Windows 8's uptake climbs but still trails Vista's

Windows 7 flat for first time in six months

Windows 8 user share, August 2014
Credit: Data: Net Applications

Windows 8's uptake came unstuck last month and shoved into a forward gear for the first time since May, but the operating system trailed Windows Vista's tempo of six years ago, according to data published Monday.

August numbers from Web analytics firm Net Applications put the combined user share of Windows 8 and 8.1 at 13.4% of the world's desktop and notebook systems, an increase of nine-tenths of a percentage point from July. That gain was the first since May and the largest since April, and followed two straight months of declines -- the first ever for the operating system.

Windows 8 accounted for 14.6% of the personal computers running Microsoft's flagship Windows operating system, a one-month jump of a percentage point. The difference between the numbers for all personal computers and only those running Windows was due to the fact that Windows powers 91.6% of all personal computers, not 100%.
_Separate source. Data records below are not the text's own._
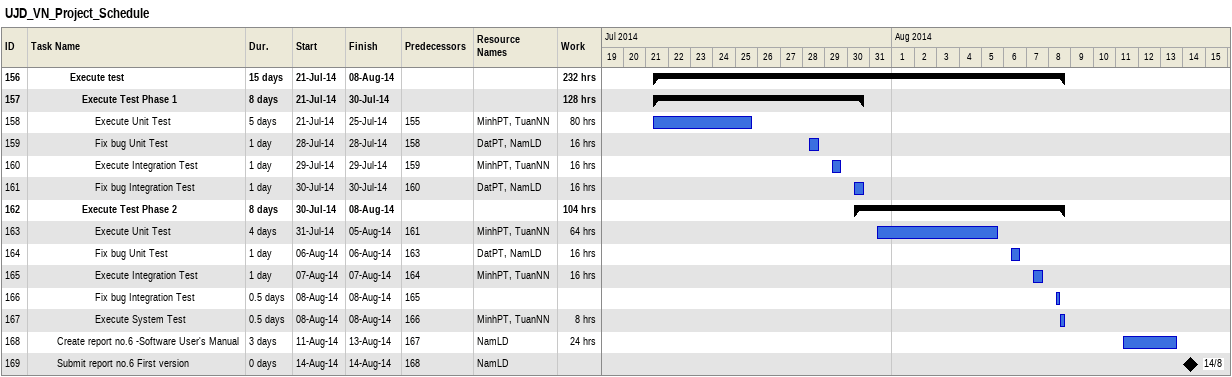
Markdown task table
UJD_VN_Project_Schedule

| ID | Level | Task | Duration | Start | Finish | Predecessors | Resources | Work (h) |
|---|---|---|---|---|---|---|---|---|
| 156 | 4 | **Execute test** | 15d | 2014-07-21 | 2014-08-08 |  |  | 232 |
| 157 | 5 | **Execute Test Phase 1** | 8d | 2014-07-21 | 2014-07-30 |  |  | 128 |
| 158 | 6 | Execute Unit Test | 5d | 2014-07-21 | 2014-07-25 | 155 | MinhPT, TuanNN | 80 |
| 159 | 6 | Fix bug Unit Test | 1d | 2014-07-28 | 2014-07-28 | 158 | DatPT, NamLD | 16 |
| 160 | 6 | Execute Integration Test | 1d | 2014-07-29 | 2014-07-29 | 159 | MinhPT, TuanNN | 16 |
| 161 | 6 | Fix bug Integration Test | 1d | 2014-07-30 | 2014-07-30 | 160 | DatPT, NamLD | 16 |
| 162 | 5 | **Execute Test Phase 2** | 8d | 2014-07-30 | 2014-08-08 |  |  | 104 |
| 163 | 6 | Execute Unit Test | 4d | 2014-07-31 | 2014-08-05 | 161 | MinhPT, TuanNN | 64 |
| 164 | 6 | Fix bug Unit Test | 1d | 2014-08-06 | 2014-08-06 | 163 | DatPT, NamLD | 16 |
| 165 | 6 | Execute Integration Test | 1d | 2014-08-07 | 2014-08-07 | 164 | MinhPT, TuanNN | 16 |
| 166 | 6 | Fix bug Integration Test | 0.5d | 2014-08-08 | 2014-08-08 | 165 |  |  |
| 167 | 6 | Execute System Test | 0.5d | 2014-08-08 | 2014-08-08 | 166 | MinhPT, TuanNN | 8 |
| 168 | 3 | Create report no.6 -Software User's Manual | 3d | 2014-08-11 | 2014-08-13 | 167 | NamLD | 24 |
| 169 | 3 | Submit report no.6 First version | 0d | 2014-08-14 | 2014-08-14 | 168 | NamLD |  |

But even with its increase in August, Windows 8 still failed to keep up with the uptake tempo of Windows Vista, the 2007 flop that even Microsoft executives disparaged amongst themselves.

At the point in Vista's post-release timeline that corresponded to August, that system ran on 14.3% of all personal computers -- a larger percentage than Windows 8 had last month -- and on 15.1% of all Windows PCs. The latter is the most credible measure of comparison, because it accounts for the slightly-greater dominance of Windows at the time. (When Vista was in its 22nd month after launch, Windows powered 94.4% of all personal computers.)

But the gap between Windows 8's and Vista's uptakes did narrow in August. The difference was half a percentage point last month, compared to seven-tenths of a point the month before.

The increase of Windows 8's user share -- a rough measurement of the number of personal computers running a specific operating system -- cannot be traced with certainty to any one cause: There are too many variables. One possibility is that back-to-school sales of new PCs have been brisk enough to boost Windows 8/8.1's share. In August-September 2013, for example, Windows 8's user share surged by 3.5 percentage points.

Windows 8 is expected to be superseded by the next edition of Windows -- code-named Threshold -- in the first half of 2015.

While Windows 8 gained ground in August, Windows 7 remained flat at 51.2%. It was the first month in the last six that the 2009 operating system did not see its share grow.

Meanwhile, Windows XP's user share fell nine-tenths of a percentage point in August; it accounted for 23.9% of all personal computers and 26.1% of those running Windows. The decline was the second consecutive after a one-month pause in XP's gradual demise.

Computerworld now projects that Windows XP will still be running between 21% and 22% of the world's personal computers at the end of 2014.

It's improbable that XP's losses directly translated into gains by Windows 8, even though the two numbers were nearly identical. Instead, it's much more likely that some users migrated from XP to Windows 7, while a different group, albeit a similar number, upgraded from Windows 7 to Windows 8.1.

Another analytics company, Ireland's StatCounter, had different numbers for Windows. StatCounter's figures are typically different from those of Net Applications because the former tallies usage share by counting page views to show how active users of each operating system are on the Web.

StatCounter pegged July's Windows 8 and 8.1 usage share at 15.7%, Windows 7's at 55.7% and XP's at 14.3%.